Solved – Inner loop overfitting in nested cross-validation

cross-validationmodel selection

I have implemented nested cross validation in Matlab for a classification problem. I have 56 features and 408 cases.
I am performing feature and model selection in the inner cross-validation loop, using 10 fold CV for both inner and outer loops.

In the inner CV loop I employ a sequential forward feature selection procedure, nested inside a grid search to determine the optimum regularization parameters for a given regularized discriminant classifier model and selected feature set.
I am finding very poor performance on the outer loop CV (when compared to a standard quadratic discriminant classifier, obtained with single loop CV), leading me to conclude I am overfitting in the inner CV loop.

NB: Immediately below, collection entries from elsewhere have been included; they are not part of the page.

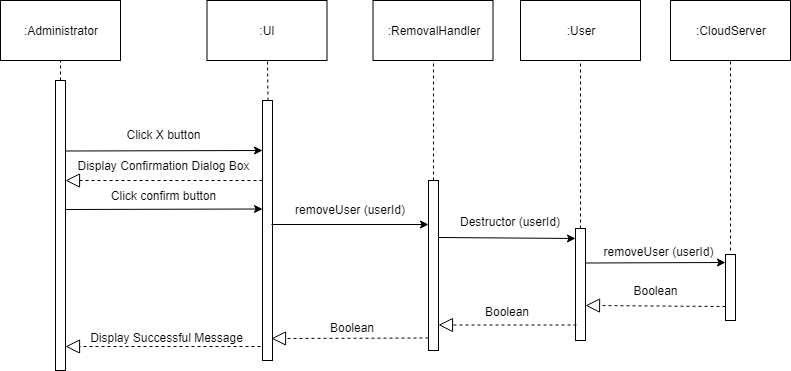

The diagram above was exported from draw.io. Its source (the exported page's mxGraphModel, read from the mxfile embedded in the PNG):
<mxGraphModel dx="840" dy="452" grid="1" gridSize="10" guides="1" tooltips="1" connect="1" arrows="1" fold="1" page="1" pageScale="1" pageWidth="850" pageHeight="1100" math="0" shadow="0">
  <root>
    <mxCell id="0" />
    <mxCell id="1" parent="0" />
    <mxCell id="fuXeNdqIZ6kCd2SO-GGO-1" value="" style="endArrow=none;dashed=1;html=1;entryX=0.5;entryY=1;entryDx=0;entryDy=0;" parent="1" target="fuXeNdqIZ6kCd2SO-GGO-2" edge="1">
      <mxGeometry width="50" height="50" relative="1" as="geometry">
        <mxPoint x="260" y="190" as="sourcePoint" />
        <mxPoint x="259.5" y="160" as="targetPoint" />
      </mxGeometry>
    </mxCell>
    <mxCell id="fuXeNdqIZ6kCd2SO-GGO-2" value=":Administrator" style="rounded=0;whiteSpace=wrap;html=1;" parent="1" vertex="1">
      <mxGeometry x="200" y="110" width="120" height="60" as="geometry" />
    </mxCell>
    <mxCell id="fuXeNdqIZ6kCd2SO-GGO-3" value="" style="html=1;points=[];perimeter=orthogonalPerimeter;" parent="1" vertex="1">
      <mxGeometry x="255" y="190" width="10" height="290" as="geometry" />
    </mxCell>
    <mxCell id="fuXeNdqIZ6kCd2SO-GGO-4" value=":UI&lt;br&gt;" style="rounded=0;whiteSpace=wrap;html=1;" parent="1" vertex="1">
      <mxGeometry x="406.5" y="110" width="120" height="60" as="geometry" />
    </mxCell>
    <mxCell id="fuXeNdqIZ6kCd2SO-GGO-5" value="" style="endArrow=none;dashed=1;html=1;entryX=0.5;entryY=1;entryDx=0;entryDy=0;" parent="1" target="fuXeNdqIZ6kCd2SO-GGO-4" edge="1">
      <mxGeometry width="50" height="50" relative="1" as="geometry">
        <mxPoint x="467.4999999999998" y="210" as="sourcePoint" />
        <mxPoint x="466.5" y="200" as="targetPoint" />
      </mxGeometry>
    </mxCell>
    <mxCell id="fuXeNdqIZ6kCd2SO-GGO-6" value="" style="html=1;points=[];perimeter=orthogonalPerimeter;" parent="1" vertex="1">
      <mxGeometry x="462" y="210" width="10" height="260" as="geometry" />
    </mxCell>
    <mxCell id="fuXeNdqIZ6kCd2SO-GGO-7" value=":&lt;span&gt;RemovalHandler&lt;/span&gt;&lt;br&gt;" style="rounded=0;whiteSpace=wrap;html=1;" parent="1" vertex="1">
      <mxGeometry x="572.5" y="110" width="120" height="60" as="geometry" />
    </mxCell>
    <mxCell id="fuXeNdqIZ6kCd2SO-GGO-8" value="" style="endArrow=none;dashed=1;html=1;entryX=0.5;entryY=1;entryDx=0;entryDy=0;" parent="1" source="fuXeNdqIZ6kCd2SO-GGO-9" target="fuXeNdqIZ6kCd2SO-GGO-7" edge="1">
      <mxGeometry width="50" height="50" relative="1" as="geometry">
        <mxPoint x="632.5" y="460" as="sourcePoint" />
        <mxPoint x="632.5" y="203" as="targetPoint" />
      </mxGeometry>
    </mxCell>
    <mxCell id="fuXeNdqIZ6kCd2SO-GGO-9" value="" style="html=1;points=[];perimeter=orthogonalPerimeter;" parent="1" vertex="1">
      <mxGeometry x="628" y="290" width="10" height="170" as="geometry" />
    </mxCell>
    <mxCell id="fuXeNdqIZ6kCd2SO-GGO-10" value="" style="endArrow=classic;html=1;fontSize=12;" parent="1" edge="1">
      <mxGeometry width="50" height="50" relative="1" as="geometry">
        <mxPoint x="471" y="334" as="sourcePoint" />
        <mxPoint x="628" y="334" as="targetPoint" />
      </mxGeometry>
    </mxCell>
    <mxCell id="fuXeNdqIZ6kCd2SO-GGO-11" value="removeUser (userId)" style="text;align=center;fontStyle=0;verticalAlign=middle;spacingLeft=3;spacingRight=3;strokeColor=none;rotatable=0;points=[[0,0.5],[1,0.5]];portConstraint=eastwest;fontSize=12;" parent="1" vertex="1">
      <mxGeometry x="510" y="319" width="80" as="geometry" />
    </mxCell>
    <mxCell id="fuXeNdqIZ6kCd2SO-GGO-12" value="" style="endArrow=classic;html=1;fontSize=12;" parent="1" edge="1">
      <mxGeometry width="50" height="50" relative="1" as="geometry">
        <mxPoint x="265" y="260.4999999999999" as="sourcePoint" />
        <mxPoint x="462" y="260" as="targetPoint" />
      </mxGeometry>
    </mxCell>
    <mxCell id="fuXeNdqIZ6kCd2SO-GGO-13" value="Click X button" style="text;align=center;fontStyle=0;verticalAlign=middle;spacingLeft=3;spacingRight=3;strokeColor=none;rotatable=0;points=[[0,0.5],[1,0.5]];portConstraint=eastwest;fontSize=12;" parent="1" vertex="1">
      <mxGeometry x="323.5" y="244" width="80" as="geometry" />
    </mxCell>
    <mxCell id="fuXeNdqIZ6kCd2SO-GGO-15" value="Display Confirmation Dialog Box&#10;" style="text;align=center;fontStyle=0;verticalAlign=middle;spacingLeft=3;spacingRight=3;strokeColor=none;rotatable=0;points=[[0,0.5],[1,0.5]];portConstraint=eastwest;fontSize=12;" parent="1" vertex="1">
      <mxGeometry x="323.5" y="282" width="80" as="geometry" />
    </mxCell>
    <mxCell id="fuXeNdqIZ6kCd2SO-GGO-16" value=":CloudServer&lt;br&gt;" style="rounded=0;whiteSpace=wrap;html=1;" parent="1" vertex="1">
      <mxGeometry x="870" y="110" width="120" height="60" as="geometry" />
    </mxCell>
    <mxCell id="fuXeNdqIZ6kCd2SO-GGO-17" value="" style="endArrow=none;dashed=1;html=1;entryX=0.5;entryY=1;entryDx=0;entryDy=0;exitX=0.5;exitY=-0.055;exitDx=0;exitDy=0;exitPerimeter=0;" parent="1" source="fuXeNdqIZ6kCd2SO-GGO-24" target="fuXeNdqIZ6kCd2SO-GGO-16" edge="1">
      <mxGeometry width="50" height="50" relative="1" as="geometry">
        <mxPoint x="930" y="584.5" as="sourcePoint" />
        <mxPoint x="970" y="202" as="targetPoint" />
      </mxGeometry>
    </mxCell>
    <mxCell id="fuXeNdqIZ6kCd2SO-GGO-18" value="Boolean" style="text;html=1;strokeColor=none;fillColor=none;align=center;verticalAlign=middle;whiteSpace=wrap;rounded=0;" parent="1" vertex="1">
      <mxGeometry x="526.5" y="427" width="48" height="20" as="geometry" />
    </mxCell>
    <mxCell id="fuXeNdqIZ6kCd2SO-GGO-19" value="" style="endArrow=block;dashed=1;endFill=0;endSize=12;html=1;" parent="1" edge="1">
      <mxGeometry width="160" relative="1" as="geometry">
        <mxPoint x="628" y="447.5" as="sourcePoint" />
        <mxPoint x="471" y="448" as="targetPoint" />
      </mxGeometry>
    </mxCell>
    <mxCell id="fuXeNdqIZ6kCd2SO-GGO-20" value="removeUser (userId)" style="text;align=center;fontStyle=0;verticalAlign=middle;spacingLeft=3;spacingRight=3;strokeColor=none;rotatable=0;points=[[0,0.5],[1,0.5]];portConstraint=eastwest;fontSize=12;" parent="1" vertex="1">
      <mxGeometry x="818.5" y="359" width="80" height="5" as="geometry" />
    </mxCell>
    <mxCell id="fuXeNdqIZ6kCd2SO-GGO-21" value="" style="endArrow=classic;html=1;fontSize=12;entryX=0;entryY=0.121;entryDx=0;entryDy=0;entryPerimeter=0;" parent="1" target="fuXeNdqIZ6kCd2SO-GGO-24" edge="1">
      <mxGeometry width="50" height="50" relative="1" as="geometry">
        <mxPoint x="785" y="372.5" as="sourcePoint" />
        <mxPoint x="920" y="372.5" as="targetPoint" />
      </mxGeometry>
    </mxCell>
    <mxCell id="fuXeNdqIZ6kCd2SO-GGO-22" value="" style="endArrow=block;dashed=1;endFill=0;endSize=12;html=1;exitX=0;exitY=0.788;exitDx=0;exitDy=0;exitPerimeter=0;" parent="1" source="fuXeNdqIZ6kCd2SO-GGO-24" edge="1">
      <mxGeometry width="160" relative="1" as="geometry">
        <mxPoint x="920" y="415" as="sourcePoint" />
        <mxPoint x="785" y="415" as="targetPoint" />
      </mxGeometry>
    </mxCell>
    <mxCell id="fuXeNdqIZ6kCd2SO-GGO-23" value="Boolean" style="text;html=1;strokeColor=none;fillColor=none;align=center;verticalAlign=middle;whiteSpace=wrap;rounded=0;" parent="1" vertex="1">
      <mxGeometry x="835" y="390" width="40" height="20" as="geometry" />
    </mxCell>
    <mxCell id="fuXeNdqIZ6kCd2SO-GGO-24" value="" style="html=1;points=[];perimeter=orthogonalPerimeter;" parent="1" vertex="1">
      <mxGeometry x="925" y="364" width="10" height="66" as="geometry" />
    </mxCell>
    <mxCell id="fuXeNdqIZ6kCd2SO-GGO-25" value="Display Successful Message" style="text;html=1;strokeColor=none;fillColor=none;align=center;verticalAlign=middle;whiteSpace=wrap;rounded=0;" parent="1" vertex="1">
      <mxGeometry x="288" y="437" width="157" height="20" as="geometry" />
    </mxCell>
    <mxCell id="fuXeNdqIZ6kCd2SO-GGO-26" value="" style="endArrow=block;dashed=1;endFill=0;endSize=12;html=1;" parent="1" edge="1">
      <mxGeometry width="160" relative="1" as="geometry">
        <mxPoint x="460" y="456" as="sourcePoint" />
        <mxPoint x="265" y="456" as="targetPoint" />
      </mxGeometry>
    </mxCell>
    <mxCell id="fuXeNdqIZ6kCd2SO-GGO-27" value=":User&lt;br&gt;" style="rounded=0;whiteSpace=wrap;html=1;" parent="1" vertex="1">
      <mxGeometry x="720" y="110" width="120" height="60" as="geometry" />
    </mxCell>
    <mxCell id="fuXeNdqIZ6kCd2SO-GGO-28" value="" style="endArrow=none;dashed=1;html=1;entryX=0.5;entryY=1;entryDx=0;entryDy=0;" parent="1" source="fuXeNdqIZ6kCd2SO-GGO-29" target="fuXeNdqIZ6kCd2SO-GGO-27" edge="1">
      <mxGeometry width="50" height="50" relative="1" as="geometry">
        <mxPoint x="801" y="659.5" as="sourcePoint" />
        <mxPoint x="841" y="202" as="targetPoint" />
      </mxGeometry>
    </mxCell>
    <mxCell id="fuXeNdqIZ6kCd2SO-GGO-29" value="" style="html=1;points=[];perimeter=orthogonalPerimeter;" parent="1" vertex="1">
      <mxGeometry x="775" y="338" width="10" height="112" as="geometry" />
    </mxCell>
    <mxCell id="fuXeNdqIZ6kCd2SO-GGO-30" value="" style="endArrow=classic;html=1;fontSize=12;" parent="1" edge="1">
      <mxGeometry width="50" height="50" relative="1" as="geometry">
        <mxPoint x="638" y="347" as="sourcePoint" />
        <mxPoint x="775" y="348" as="targetPoint" />
      </mxGeometry>
    </mxCell>
    <mxCell id="fuXeNdqIZ6kCd2SO-GGO-31" value="Destructor (userId)" style="text;align=center;fontStyle=0;verticalAlign=middle;spacingLeft=3;spacingRight=3;strokeColor=none;rotatable=0;points=[[0,0.5],[1,0.5]];portConstraint=eastwest;fontSize=12;" parent="1" vertex="1">
      <mxGeometry x="670" y="331" width="80" as="geometry" />
    </mxCell>
    <mxCell id="fuXeNdqIZ6kCd2SO-GGO-32" value="Boolean" style="text;html=1;strokeColor=none;fillColor=none;align=center;verticalAlign=middle;whiteSpace=wrap;rounded=0;" parent="1" vertex="1">
      <mxGeometry x="661" y="410.5" width="90" height="20" as="geometry" />
    </mxCell>
    <mxCell id="fuXeNdqIZ6kCd2SO-GGO-33" value="" style="endArrow=block;dashed=1;endFill=0;endSize=12;html=1;" parent="1" edge="1">
      <mxGeometry width="160" relative="1" as="geometry">
        <mxPoint x="776" y="434.5" as="sourcePoint" />
        <mxPoint x="638" y="434.5" as="targetPoint" />
      </mxGeometry>
    </mxCell>
    <mxCell id="fuXeNdqIZ6kCd2SO-GGO-36" value="" style="endArrow=block;dashed=1;endFill=0;endSize=12;html=1;" parent="1" edge="1">
      <mxGeometry width="160" relative="1" as="geometry">
        <mxPoint x="462" y="290" as="sourcePoint" />
        <mxPoint x="265" y="290" as="targetPoint" />
      </mxGeometry>
    </mxCell>
    <mxCell id="fuXeNdqIZ6kCd2SO-GGO-39" value="" style="endArrow=classic;html=1;fontSize=12;" parent="1" edge="1">
      <mxGeometry width="50" height="50" relative="1" as="geometry">
        <mxPoint x="265" y="318.9999999999999" as="sourcePoint" />
        <mxPoint x="462" y="318.5" as="targetPoint" />
      </mxGeometry>
    </mxCell>
    <mxCell id="fuXeNdqIZ6kCd2SO-GGO-40" value="Click confirm button" style="text;align=center;fontStyle=0;verticalAlign=middle;spacingLeft=3;spacingRight=3;strokeColor=none;rotatable=0;points=[[0,0.5],[1,0.5]];portConstraint=eastwest;fontSize=12;" parent="1" vertex="1">
      <mxGeometry x="323.5" y="305.5" width="80" as="geometry" />
    </mxCell>
  </root>
</mxGraphModel>

I have read papers by Cawley and Talbot that show that biased model selection protocols favour worse models, and furthermore, that the inner loop procedure alone produces a biased performance estimate.

Does this explain the overfitting observed for the inner loop in nested CV?

Are there any practical strategies to avoid this overfitting?

Best Answer

Overfitting in model selection problems for classification is usually due to including too many parameters. Cross-validation or bootstrap error rate estimation should avoid this problem because it avoids the optimism of an estimate like resubstitution which tests the classifier on the same data used in the fit. If you minimize the cross-validated estimate of error rate in your inner loop as the criterion for variable selection you should not have this problem. Am I correct in assuming that your selection procedure does not do this? If so you are probably using a procedure that is biased toward models with many parameters that may be poor models for prediction.